Today marked the first stab at our new conference call format: each director spoke on their area of responsibility for a time. Time limits were enforced — though this was mostly because we had scheduled another conference call with 7 django (and one ruby on rails) newspaper CMS developers. With that impetuous, we were insanely efficient on this call, which is why this summary will read as many short points — that was the nature of the call.
Hosting
Miles has been hard at work, and we expect to sign several new clients soon. The Whit transition went very well, and the support for them has been minimal of late.
Looking toward the immediate future, we recognize that the revolution theme we used for The Whit has limitations and probably ought to be re-examined for the future. This process might be rolled into an attempt on our part to partner with some theme providers.
Editorial
A pat on the back to ourselves on publishing all five days last week, that’s been our goal all along, and we’ve now officially done it, and we plan to do it again this week.
Noting that there is an AP style guide for print products, there probably ought to be a blogging style guide (mostly for links) online. CoPress has started a wiki page for this and hopefully it turns into a useful resource.
Operations, Financial, Community
The core team will be establishing office hours so that people on the team (and eventually the community) will know times when they are sure to be able to get ahold of us.
We’re excited to have Drew and Jared taking a bigger role on the team, we’re looking forward to their expertise ![]()

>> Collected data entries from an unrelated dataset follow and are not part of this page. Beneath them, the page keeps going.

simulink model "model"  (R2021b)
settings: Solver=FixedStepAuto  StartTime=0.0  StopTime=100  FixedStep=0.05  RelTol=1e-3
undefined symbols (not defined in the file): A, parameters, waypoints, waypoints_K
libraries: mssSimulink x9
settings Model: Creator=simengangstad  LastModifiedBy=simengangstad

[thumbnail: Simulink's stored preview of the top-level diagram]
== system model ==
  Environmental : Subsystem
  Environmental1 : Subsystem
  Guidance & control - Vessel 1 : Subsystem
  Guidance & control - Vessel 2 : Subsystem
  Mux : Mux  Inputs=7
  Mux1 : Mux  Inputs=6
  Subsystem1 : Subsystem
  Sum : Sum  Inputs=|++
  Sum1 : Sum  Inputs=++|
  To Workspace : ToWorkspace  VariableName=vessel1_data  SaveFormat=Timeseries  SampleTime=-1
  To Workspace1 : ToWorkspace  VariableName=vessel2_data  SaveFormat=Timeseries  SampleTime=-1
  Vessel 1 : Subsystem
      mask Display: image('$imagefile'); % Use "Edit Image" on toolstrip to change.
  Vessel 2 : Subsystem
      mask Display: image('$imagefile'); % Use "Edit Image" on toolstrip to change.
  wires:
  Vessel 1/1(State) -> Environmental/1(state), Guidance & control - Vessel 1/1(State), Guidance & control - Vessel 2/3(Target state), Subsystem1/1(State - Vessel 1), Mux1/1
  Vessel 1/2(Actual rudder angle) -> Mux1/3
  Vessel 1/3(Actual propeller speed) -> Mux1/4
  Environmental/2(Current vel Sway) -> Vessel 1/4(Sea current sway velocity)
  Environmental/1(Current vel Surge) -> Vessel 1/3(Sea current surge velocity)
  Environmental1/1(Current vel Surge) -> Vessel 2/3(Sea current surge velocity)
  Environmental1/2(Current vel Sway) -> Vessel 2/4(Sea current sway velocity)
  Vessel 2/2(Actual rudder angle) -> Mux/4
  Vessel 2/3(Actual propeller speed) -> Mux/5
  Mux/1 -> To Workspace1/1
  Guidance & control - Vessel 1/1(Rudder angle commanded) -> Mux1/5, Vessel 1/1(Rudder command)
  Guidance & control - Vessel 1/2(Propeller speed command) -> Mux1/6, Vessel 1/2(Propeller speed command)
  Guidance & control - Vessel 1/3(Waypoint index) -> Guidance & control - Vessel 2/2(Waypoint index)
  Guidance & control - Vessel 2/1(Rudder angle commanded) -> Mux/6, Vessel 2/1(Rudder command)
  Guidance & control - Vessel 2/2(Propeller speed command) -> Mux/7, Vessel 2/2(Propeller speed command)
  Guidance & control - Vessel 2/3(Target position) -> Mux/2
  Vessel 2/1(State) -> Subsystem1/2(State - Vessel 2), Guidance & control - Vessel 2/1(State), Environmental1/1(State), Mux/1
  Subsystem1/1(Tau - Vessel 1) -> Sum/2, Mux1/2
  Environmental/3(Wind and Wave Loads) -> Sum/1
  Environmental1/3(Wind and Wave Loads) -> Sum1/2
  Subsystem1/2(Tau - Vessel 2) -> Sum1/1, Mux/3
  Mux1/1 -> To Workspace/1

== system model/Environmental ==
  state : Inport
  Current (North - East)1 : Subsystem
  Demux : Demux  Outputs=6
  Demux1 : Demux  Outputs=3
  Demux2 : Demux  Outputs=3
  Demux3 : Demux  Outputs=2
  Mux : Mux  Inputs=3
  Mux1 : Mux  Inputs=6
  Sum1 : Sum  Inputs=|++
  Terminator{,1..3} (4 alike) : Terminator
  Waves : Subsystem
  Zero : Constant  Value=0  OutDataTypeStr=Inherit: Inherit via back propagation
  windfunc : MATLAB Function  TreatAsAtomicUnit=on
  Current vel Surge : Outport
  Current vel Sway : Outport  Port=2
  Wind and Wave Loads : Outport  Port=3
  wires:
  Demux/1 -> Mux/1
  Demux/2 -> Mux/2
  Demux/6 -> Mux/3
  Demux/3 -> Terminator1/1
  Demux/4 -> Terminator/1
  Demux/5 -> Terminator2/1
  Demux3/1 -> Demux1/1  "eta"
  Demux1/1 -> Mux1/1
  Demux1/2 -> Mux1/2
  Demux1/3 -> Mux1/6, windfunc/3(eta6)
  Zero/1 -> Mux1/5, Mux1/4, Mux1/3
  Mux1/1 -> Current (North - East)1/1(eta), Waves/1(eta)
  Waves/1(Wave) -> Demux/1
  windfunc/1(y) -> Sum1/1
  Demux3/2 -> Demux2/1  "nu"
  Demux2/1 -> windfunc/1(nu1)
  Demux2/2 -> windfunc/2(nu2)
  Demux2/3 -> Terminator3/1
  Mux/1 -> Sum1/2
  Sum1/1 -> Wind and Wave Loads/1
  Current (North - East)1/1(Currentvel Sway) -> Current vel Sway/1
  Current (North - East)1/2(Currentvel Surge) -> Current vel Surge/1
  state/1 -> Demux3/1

CoPress is launching our first donation campaign tomorrow. We’re looking to get some seed funding to offset the cost of the hosting setup. The campaign is structured so that all you have to do is give a few dollars — anything helps!
One last quick note on the website: we recognize that the forum is too complex right now. We’ll be scaling it back to make it easier to use.
The call finished just before 8:00 EST — the fastest call CoPress has ever accomplished!
Would anyone be interested in taking part in a roundtable discussion for monetizing online for an upcoming This Week in CoPress? I’m split as to whether we should talk about what’s working now, or have a “crazy ideas” discussion. On a conference call with Anthony, David and a couple others a month or so back we had a lot of fun talking about how location-based advertising might apply on a college campus.